In an early scene, in which Porterville challenges Harvey Benton’s development plans, JimmyO re-creates the Robert Shaw town council scene from Jaws to great comedic effect. A philosophical rant on the sexuality of Batman recalls Tarantino’s Kill Bill: Vol. 2 Superman monologue, and Alec Joseph in full drag as Ruby puts a hilarious spin on Norman Bates’ peeping in Psycho. Stylistically, Chainsaw Sally is even filled with rich colors and bright contrasts reminiscent of the work of Dawn of the Dead director George A. Romero.

But let’s not get totally carried away with the artistry. Yeah, Chainsaw Sally looks great and has some deft strokes of dialogue, but much of the movie stays true to its B movie roots, which is to say that it is, at times, intentionally bad—a device that Redfield, for one, says is tough to master.

“There’s any number of movies where it’s ‘Ha, ha, ha, all of the actors are talking bad,’” he says. “And you want to capture that, but that means paying extreme attention to other details.

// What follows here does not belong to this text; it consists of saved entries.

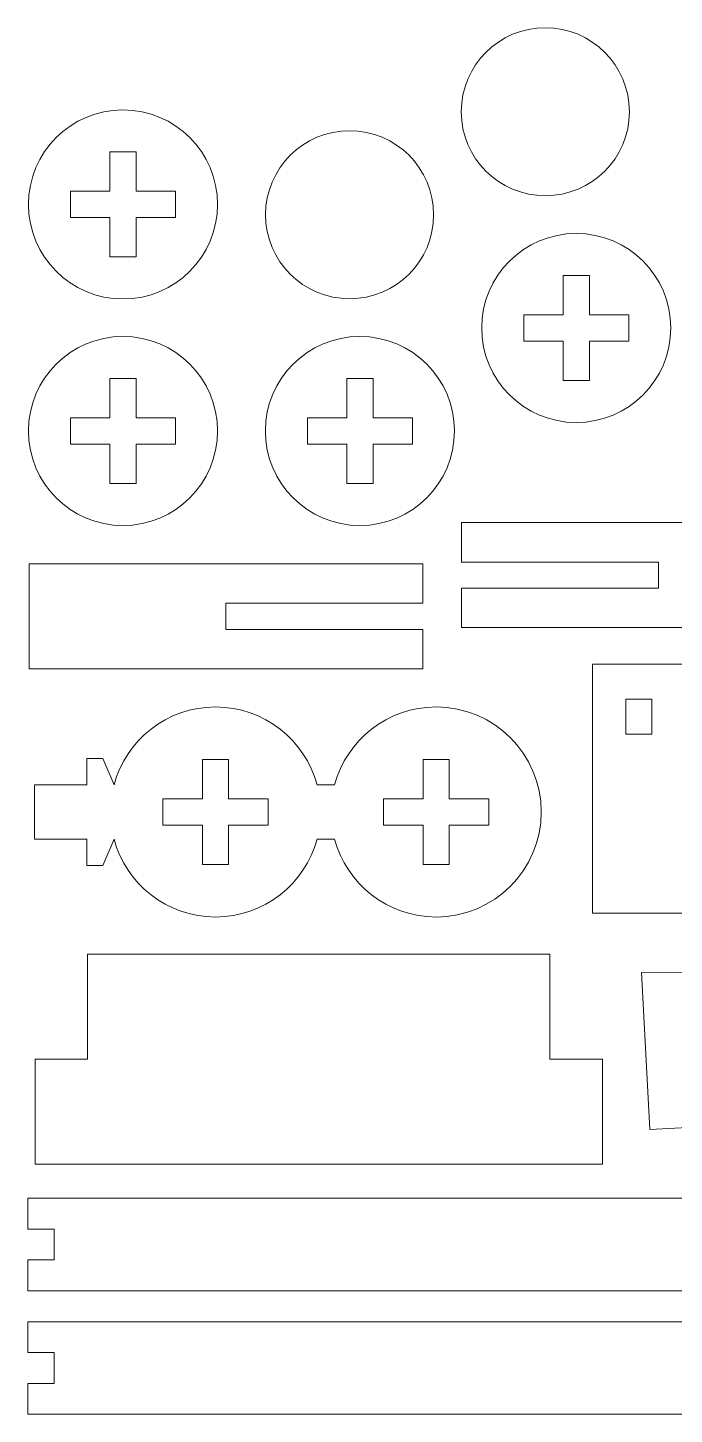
# Model space of a CAD drawing. Header units: centimetres. Extents: x -89 to 134, y -61 to -11.
# Drawn here: x 105.49 to 111.76, y -61.25 to -47.79 of the extents above; entities that cross this region are included whole.
import ezdxf

# ---------------------------------------------------------------- set-up
doc = ezdxf.new("R2010")
doc.units = ezdxf.units.CM
doc.header["$MEASUREMENT"] = 0
doc.layers.add('Camada 1', color=7, linetype='Continuous')

msp = doc.modelspace()

# ---------------------------------------------------------------- linework, layer by layer
at = {"layer": 'Camada 1', "lineweight": 9}
for points, knots in [([(110.51139, -47.7892), (110.06078, -47.7892), (109.69549, -48.15449), (109.69549, -48.60509), (109.69549, -48.60509), (109.69549, -49.0557), (110.06078, -49.42099), (110.51139, -49.42099), (110.51139, -49.42099), (110.962, -49.421), (111.32729, -49.05571), (111.32729, -48.6051), (111.32729, -48.6051), (111.32729, -48.15449), (110.962, -47.7892), (110.51139, -47.7892)], [0, 0, 0, 0, 0.2, 0.2, 0.2, 0.2, 0.4, 0.4, 0.4, 0.4, 0.6, 0.6, 0.6, 0.6, 1, 1, 1, 1]), ([(106.41139, -48.58721), (106.91833, -48.58721), (107.32928, -48.99816), (107.32928, -49.5051), (107.32928, -49.5051), (107.32928, -50.01204), (106.91833, -50.42299), (106.41139, -50.42299), (106.41139, -50.42299), (105.90445, -50.42299), (105.4935, -50.01204), (105.4935, -49.5051), (105.4935, -49.5051), (105.4935, -48.99816), (105.90445, -48.58721), (106.41139, -48.58721)], [0, 0, 0, 0, 0.2, 0.2, 0.2, 0.2, 0.4, 0.4, 0.4, 0.4, 0.6, 0.6, 0.6, 0.6, 1, 1, 1, 1]), ([(108.61139, -48.7892), (108.16078, -48.7892), (107.79549, -49.15449), (107.79549, -49.60509), (107.79549, -49.60509), (107.79549, -50.0557), (108.16078, -50.42099), (108.61139, -50.42099), (108.61139, -50.42099), (109.062, -50.421), (109.42729, -50.05571), (109.42729, -49.6051), (109.42729, -49.6051), (109.42729, -49.15449), (109.062, -48.7892), (108.61139, -48.7892)], [0, 0, 0, 0, 0.2, 0.2, 0.2, 0.2, 0.4, 0.4, 0.4, 0.4, 0.6, 0.6, 0.6, 0.6, 1, 1, 1, 1]), ([(106.92133, -49.37761), (106.92133, -49.37761), (106.92133, -49.63258), (106.92133, -49.63258), (106.92133, -49.63258), (106.92133, -49.63258), (106.53888, -49.63258), (106.53888, -49.63258), (106.53888, -49.63258), (106.53888, -49.63258), (106.53888, -50.01503), (106.53888, -50.01503), (106.53888, -50.01503), (106.53888, -50.01503), (106.28391, -50.01503), (106.28391, -50.01503), (106.28391, -50.01503), (106.28391, -50.01503), (106.28391, -49.63258), (106.28391, -49.63258), (106.28391, -49.63258), (106.28391, -49.63258), (105.90146, -49.63258), (105.90146, -49.63258), (105.90146, -49.63258), (105.90146, -49.63258), (105.90146, -49.37761), (105.90146, -49.37761), (105.90146, -49.37761), (105.90146, -49.37761), (106.28391, -49.37761), (106.28391, -49.37761), (106.28391, -49.37761), (106.28391, -49.37761), (106.28391, -48.99516), (106.28391, -48.99516), (106.28391, -48.99516), (106.28391, -48.99516), (106.53888, -48.99516), (106.53888, -48.99516), (106.53888, -48.99516), (106.53888, -48.99516), (106.53888, -49.37761), (106.53888, -49.37761), (106.53888, -49.37761), (106.53888, -49.37761), (106.92133, -49.37761), (106.92133, -49.37761)], [0, 0, 0, 0, 0.07692308, 0.07692308, 0.07692308, 0.07692308, 0.15384615, 0.15384615, 0.15384615, 0.15384615, 0.23076923, 0.23076923, 0.23076923, 0.23076923, 0.30769231, 0.30769231, 0.30769231, 0.30769231, 0.38461538, 0.38461538, 0.38461538, 0.38461538, 0.46153846, 0.46153846, 0.46153846, 0.46153846, 0.53846154, 0.53846154, 0.53846154, 0.53846154, 0.61538462, 0.61538462, 0.61538462, 0.61538462, 0.69230769, 0.69230769, 0.69230769, 0.69230769, 0.76923077, 0.76923077, 0.76923077, 0.76923077, 0.84615385, 0.84615385, 0.84615385, 0.84615385, 1, 1, 1, 1]), ([(110.81139, -49.78721), (111.31833, -49.78721), (111.72928, -50.19816), (111.72928, -50.7051), (111.72928, -50.7051), (111.72928, -51.21204), (111.31833, -51.62299), (110.81139, -51.62299), (110.81139, -51.62299), (110.30445, -51.62299), (109.8935, -51.21204), (109.8935, -50.7051), (109.8935, -50.7051), (109.8935, -50.19816), (110.30445, -49.78721), (110.81139, -49.78721)], [0, 0, 0, 0, 0.2, 0.2, 0.2, 0.2, 0.4, 0.4, 0.4, 0.4, 0.6, 0.6, 0.6, 0.6, 1, 1, 1, 1]), ([(111.32133, -50.57761), (111.32133, -50.57761), (111.32133, -50.83258), (111.32133, -50.83258), (111.32133, -50.83258), (111.32133, -50.83258), (110.93888, -50.83258), (110.93888, -50.83258), (110.93888, -50.83258), (110.93888, -50.83258), (110.93888, -51.21503), (110.93888, -51.21503), (110.93888, -51.21503), (110.93888, -51.21503), (110.68391, -51.21503), (110.68391, -51.21503), (110.68391, -51.21503), (110.68391, -51.21503), (110.68391, -50.83258), (110.68391, -50.83258), (110.68391, -50.83258), (110.68391, -50.83258), (110.30146, -50.83258), (110.30146, -50.83258), (110.30146, -50.83258), (110.30146, -50.83258), (110.30146, -50.57761), (110.30146, -50.57761), (110.30146, -50.57761), (110.30146, -50.57761), (110.68391, -50.57761), (110.68391, -50.57761), (110.68391, -50.57761), (110.68391, -50.57761), (110.68391, -50.19516), (110.68391, -50.19516), (110.68391, -50.19516), (110.68391, -50.19516), (110.93888, -50.19516), (110.93888, -50.19516), (110.93888, -50.19516), (110.93888, -50.19516), (110.93888, -50.57761), (110.93888, -50.57761), (110.93888, -50.57761), (110.93888, -50.57761), (111.32133, -50.57761), (111.32133, -50.57761)], [0, 0, 0, 0, 0.07692308, 0.07692308, 0.07692308, 0.07692308, 0.15384615, 0.15384615, 0.15384615, 0.15384615, 0.23076923, 0.23076923, 0.23076923, 0.23076923, 0.30769231, 0.30769231, 0.30769231, 0.30769231, 0.38461538, 0.38461538, 0.38461538, 0.38461538, 0.46153846, 0.46153846, 0.46153846, 0.46153846, 0.53846154, 0.53846154, 0.53846154, 0.53846154, 0.61538462, 0.61538462, 0.61538462, 0.61538462, 0.69230769, 0.69230769, 0.69230769, 0.69230769, 0.76923077, 0.76923077, 0.76923077, 0.76923077, 0.84615385, 0.84615385, 0.84615385, 0.84615385, 1, 1, 1, 1]), ([(106.41139, -50.78721), (106.91833, -50.78721), (107.32928, -51.19816), (107.32928, -51.7051), (107.32928, -51.7051), (107.32928, -52.21204), (106.91833, -52.62299), (106.41139, -52.62299), (106.41139, -52.62299), (105.90445, -52.62299), (105.4935, -52.21204), (105.4935, -51.7051), (105.4935, -51.7051), (105.4935, -51.19816), (105.90445, -50.78721), (106.41139, -50.78721)], [0, 0, 0, 0, 0.2, 0.2, 0.2, 0.2, 0.4, 0.4, 0.4, 0.4, 0.6, 0.6, 0.6, 0.6, 1, 1, 1, 1]), ([(108.71139, -50.78721), (109.21833, -50.78721), (109.62928, -51.19816), (109.62928, -51.7051), (109.62928, -51.7051), (109.62928, -52.21204), (109.21833, -52.62299), (108.71139, -52.62299), (108.71139, -52.62299), (108.20445, -52.62299), (107.7935, -52.21204), (107.7935, -51.7051), (107.7935, -51.7051), (107.7935, -51.19816), (108.20445, -50.78721), (108.71139, -50.78721)], [0, 0, 0, 0, 0.2, 0.2, 0.2, 0.2, 0.4, 0.4, 0.4, 0.4, 0.6, 0.6, 0.6, 0.6, 1, 1, 1, 1]), ([(106.92133, -51.57761), (106.92133, -51.57761), (106.92133, -51.83258), (106.92133, -51.83258), (106.92133, -51.83258), (106.92133, -51.83258), (106.53888, -51.83258), (106.53888, -51.83258), (106.53888, -51.83258), (106.53888, -51.83258), (106.53888, -52.21503), (106.53888, -52.21503), (106.53888, -52.21503), (106.53888, -52.21503), (106.28391, -52.21503), (106.28391, -52.21503), (106.28391, -52.21503), (106.28391, -52.21503), (106.28391, -51.83258), (106.28391, -51.83258), (106.28391, -51.83258), (106.28391, -51.83258), (105.90146, -51.83258), (105.90146, -51.83258), (105.90146, -51.83258), (105.90146, -51.83258), (105.90146, -51.57761), (105.90146, -51.57761), (105.90146, -51.57761), (105.90146, -51.57761), (106.28391, -51.57761), (106.28391, -51.57761), (106.28391, -51.57761), (106.28391, -51.57761), (106.28391, -51.19516), (106.28391, -51.19516), (106.28391, -51.19516), (106.28391, -51.19516), (106.53888, -51.19516), (106.53888, -51.19516), (106.53888, -51.19516), (106.53888, -51.19516), (106.53888, -51.57761), (106.53888, -51.57761), (106.53888, -51.57761), (106.53888, -51.57761), (106.92133, -51.57761), (106.92133, -51.57761)], [0, 0, 0, 0, 0.07692308, 0.07692308, 0.07692308, 0.07692308, 0.15384615, 0.15384615, 0.15384615, 0.15384615, 0.23076923, 0.23076923, 0.23076923, 0.23076923, 0.30769231, 0.30769231, 0.30769231, 0.30769231, 0.38461538, 0.38461538, 0.38461538, 0.38461538, 0.46153846, 0.46153846, 0.46153846, 0.46153846, 0.53846154, 0.53846154, 0.53846154, 0.53846154, 0.61538462, 0.61538462, 0.61538462, 0.61538462, 0.69230769, 0.69230769, 0.69230769, 0.69230769, 0.76923077, 0.76923077, 0.76923077, 0.76923077, 0.84615385, 0.84615385, 0.84615385, 0.84615385, 1, 1, 1, 1]), ([(109.22133, -51.57761), (109.22133, -51.57761), (109.22133, -51.83258), (109.22133, -51.83258), (109.22133, -51.83258), (109.22133, -51.83258), (108.83888, -51.83258), (108.83888, -51.83258), (108.83888, -51.83258), (108.83888, -51.83258), (108.83888, -52.21503), (108.83888, -52.21503), (108.83888, -52.21503), (108.83888, -52.21503), (108.58391, -52.21503), (108.58391, -52.21503), (108.58391, -52.21503), (108.58391, -52.21503), (108.58391, -51.83258), (108.58391, -51.83258), (108.58391, -51.83258), (108.58391, -51.83258), (108.20146, -51.83258), (108.20146, -51.83258), (108.20146, -51.83258), (108.20146, -51.83258), (108.20146, -51.57761), (108.20146, -51.57761), (108.20146, -51.57761), (108.20146, -51.57761), (108.58391, -51.57761), (108.58391, -51.57761), (108.58391, -51.57761), (108.58391, -51.57761), (108.58391, -51.19516), (108.58391, -51.19516), (108.58391, -51.19516), (108.58391, -51.19516), (108.83888, -51.19516), (108.83888, -51.19516), (108.83888, -51.19516), (108.83888, -51.19516), (108.83888, -51.57761), (108.83888, -51.57761), (108.83888, -51.57761), (108.83888, -51.57761), (109.22133, -51.57761), (109.22133, -51.57761)], [0, 0, 0, 0, 0.07692308, 0.07692308, 0.07692308, 0.07692308, 0.15384615, 0.15384615, 0.15384615, 0.15384615, 0.23076923, 0.23076923, 0.23076923, 0.23076923, 0.30769231, 0.30769231, 0.30769231, 0.30769231, 0.38461538, 0.38461538, 0.38461538, 0.38461538, 0.46153846, 0.46153846, 0.46153846, 0.46153846, 0.53846154, 0.53846154, 0.53846154, 0.53846154, 0.61538462, 0.61538462, 0.61538462, 0.61538462, 0.69230769, 0.69230769, 0.69230769, 0.69230769, 0.76923077, 0.76923077, 0.76923077, 0.76923077, 0.84615385, 0.84615385, 0.84615385, 0.84615385, 1, 1, 1, 1]), ([(113.52366, -52.59516), (113.52366, -52.59516), (113.52366, -53.61503), (113.52366, -53.61503), (113.52366, -53.61503), (113.52366, -53.61503), (109.69913, -53.61503), (109.69913, -53.61503), (109.69913, -53.61503), (109.69913, -53.61503), (109.69913, -53.23257), (109.69913, -53.23257), (109.69913, -53.23257), (109.69913, -53.23257), (111.61139, -53.23257), (111.61139, -53.23257), (111.61139, -53.23257), (111.61139, -53.23257), (111.61139, -52.97761), (111.61139, -52.97761), (111.61139, -52.97761), (111.61139, -52.97761), (109.69913, -52.97761), (109.69913, -52.97761), (109.69913, -52.97761), (109.69913, -52.97761), (109.69913, -52.59516), (109.69913, -52.59516), (109.69913, -52.59516), (109.69913, -52.59516), (113.52366, -52.59516), (113.52366, -52.59516)], [0, 0, 0, 0, 0.11111111, 0.11111111, 0.11111111, 0.11111111, 0.22222222, 0.22222222, 0.22222222, 0.22222222, 0.33333333, 0.33333333, 0.33333333, 0.33333333, 0.44444444, 0.44444444, 0.44444444, 0.44444444, 0.55555556, 0.55555556, 0.55555556, 0.55555556, 0.66666667, 0.66666667, 0.66666667, 0.66666667, 0.77777778, 0.77777778, 0.77777778, 0.77777778, 1, 1, 1, 1]), ([(105.49913, -54.01503), (105.49913, -54.01503), (109.32366, -54.01503), (109.32366, -54.01503), (109.32366, -54.01503), (109.32366, -54.01503), (109.32366, -53.63259), (109.32366, -53.63259), (109.32366, -53.63259), (109.32366, -53.63259), (107.41139, -53.63259), (107.41139, -53.63259), (107.41139, -53.63259), (107.41139, -53.63259), (107.41139, -53.37761), (107.41139, -53.37761), (107.41139, -53.37761), (107.41139, -53.37761), (109.32366, -53.37761), (109.32366, -53.37761), (109.32366, -53.37761), (109.32366, -53.37761), (109.32366, -52.99516), (109.32366, -52.99516), (109.32366, -52.99516), (109.32366, -52.99516), (105.49913, -52.99516), (105.49913, -52.99516), (105.49913, -52.99516), (105.49913, -52.99516), (105.49913, -54.01503), (105.49913, -54.01503)], [0, 0, 0, 0, 0.11111111, 0.11111111, 0.11111111, 0.11111111, 0.22222222, 0.22222222, 0.22222222, 0.22222222, 0.33333333, 0.33333333, 0.33333333, 0.33333333, 0.44444444, 0.44444444, 0.44444444, 0.44444444, 0.55555556, 0.55555556, 0.55555556, 0.55555556, 0.66666667, 0.66666667, 0.66666667, 0.66666667, 0.77777778, 0.77777778, 0.77777778, 0.77777778, 1, 1, 1, 1]), ([(111.88855, -56.64216), (111.88855, -56.64216), (111.88855, -56.38719), (111.88855, -56.38719), (111.88855, -56.38719), (111.88855, -56.38719), (110.9686, -56.38719), (110.9686, -56.38719), (110.9686, -56.38719), (110.9686, -56.38719), (110.9686, -53.96804), (110.9686, -53.96804), (110.9686, -53.96804), (110.9686, -53.96804), (114.25419, -53.96804), (114.25419, -53.96804), (114.25419, -53.96804), (114.25419, -53.96804), (113.77857, -56.38719), (113.77857, -56.38719), (113.77857, -56.38719), (113.77857, -56.38719), (112.80849, -56.38719), (112.80849, -56.38719), (112.80849, -56.38719), (112.80849, -56.38719), (112.80849, -56.64216), (112.80849, -56.64216), (112.80849, -56.64216), (112.80849, -56.64216), (111.88855, -56.64216), (111.88855, -56.64216)], [0, 0, 0, 0, 0.11111111, 0.11111111, 0.11111111, 0.11111111, 0.22222222, 0.22222222, 0.22222222, 0.22222222, 0.33333333, 0.33333333, 0.33333333, 0.33333333, 0.44444444, 0.44444444, 0.44444444, 0.44444444, 0.55555556, 0.55555556, 0.55555556, 0.55555556, 0.66666667, 0.66666667, 0.66666667, 0.66666667, 0.77777778, 0.77777778, 0.77777778, 0.77777778, 1, 1, 1, 1]), ([(106.32455, -55.66934), (106.32455, -55.66934), (106.21428, -55.92403), (106.21428, -55.92403), (106.21428, -55.92403), (106.21428, -55.92403), (106.0613, -55.92403), (106.0613, -55.92403), (106.0613, -55.92403), (106.0613, -55.92403), (106.0613, -55.66907), (106.0613, -55.66907), (106.0613, -55.66907), (106.0613, -55.66907), (105.55137, -55.66907), (105.55137, -55.66907), (105.55137, -55.66907), (105.55137, -55.66907), (105.55137, -55.14114), (105.55137, -55.14114), (105.55137, -55.14114), (105.55137, -55.14114), (106.0613, -55.14114), (106.0613, -55.14114), (106.0613, -55.14114), (106.0613, -55.14114), (106.0613, -54.88617), (106.0613, -54.88617), (106.0613, -54.88617), (106.0613, -54.88617), (106.21428, -54.88617), (106.21428, -54.88617), (106.21428, -54.88617), (106.21428, -54.88617), (106.32455, -55.14087), (106.32455, -55.14087), (106.32455, -55.14087), (106.44097, -54.70572), (106.83792, -54.38522), (107.30979, -54.38522), (107.30979, -54.38522), (107.78175, -54.38522), (108.17878, -54.70584), (108.2951, -55.14114), (108.2951, -55.14114), (108.2951, -55.14114), (108.46621, -55.14114), (108.46621, -55.14114), (108.46621, -55.14114), (108.58253, -54.70584), (108.97956, -54.38522), (109.45152, -54.38522), (109.45152, -54.38522), (110.01478, -54.38522), (110.4714, -54.84184), (110.4714, -55.4051), (110.4714, -55.4051), (110.4714, -55.96836), (110.01478, -56.42498), (109.45152, -56.42498), (109.45152, -56.42498), (108.97956, -56.42498), (108.58254, -56.10436), (108.46621, -55.66907), (108.46621, -55.66907), (108.46621, -55.66907), (108.2951, -55.66907), (108.2951, -55.66907), (108.2951, -55.66907), (108.17877, -56.10436), (107.78175, -56.42498), (107.30979, -56.42498), (107.30979, -56.42498), (106.83793, -56.42498), (106.44097, -56.10449), (106.32455, -55.66934)], [0, 0, 0, 0, 0.05, 0.05, 0.05, 0.05, 0.1, 0.1, 0.1, 0.1, 0.15, 0.15, 0.15, 0.15, 0.2, 0.2, 0.2, 0.2, 0.25, 0.25, 0.25, 0.25, 0.3, 0.3, 0.3, 0.3, 0.35, 0.35, 0.35, 0.35, 0.4, 0.4, 0.4, 0.4, 0.45, 0.45, 0.45, 0.45, 0.5, 0.5, 0.5, 0.5, 0.55, 0.55, 0.55, 0.55, 0.6, 0.6, 0.6, 0.6, 0.65, 0.65, 0.65, 0.65, 0.7, 0.7, 0.7, 0.7, 0.75, 0.75, 0.75, 0.75, 0.8, 0.8, 0.8, 0.8, 0.85, 0.85, 0.85, 0.85, 0.9, 0.9, 0.9, 0.9, 1, 1, 1, 1]), ([(111.54661, -54.30799), (111.54661, -54.30799), (111.29164, -54.30799), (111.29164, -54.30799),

You have to sort out the story logic for the audience to get them into the dream-logic of the movie.”

While Redfield laments that much of the angst in writing the script went into making sure things in Porterville “made sense,” the magic of Chainsaw Sally lies in its amateur slant—if the movie ever stutters, it only adds to the overall midnight-madness coloring the film.

“I guess much of the success of the movie owes to the lack of money and time that went into filming,” Redfield half-jokes, adding that promotion costs are “keeping the meter running” on a budget that was originally just below $100,000. Redfield says a September screening for distributors in Hollywood generated some interest, but as of now the film is still “courting distributors while being courted.”

After appearances at several horror film fests this fall, the entire Sally crew is happy to be coming back to Baltimore for the film’s East Coast premiere at the Charles Theatre on Wednesday, December 1.

“It really is a party for the cast, crew, family, and friends, and the first time many of them actually get to see the movie,” JimmyO says.

And even as the curtain rises to show Chainsaw Sally in all of its sexy slasher glory, the filmmaking team is staying genre-true, with sequel plans already in the works.

“I’ve already penned a couple of treatments that Redfield and I are batting around,” JimmyO says. “I don’t want to give away too much, but I will say that Gunnar will be back, as I hope Herschell will. We also have lined up a few more horror heroes who will be making a visit to Sally’s town of Porterville.

“As for Sally, she’ll be getting a little crazier with each movie,” the director concludes. “As long as the audience keeps liking her the way they seem to, we will keep bringing her back for more playtime.”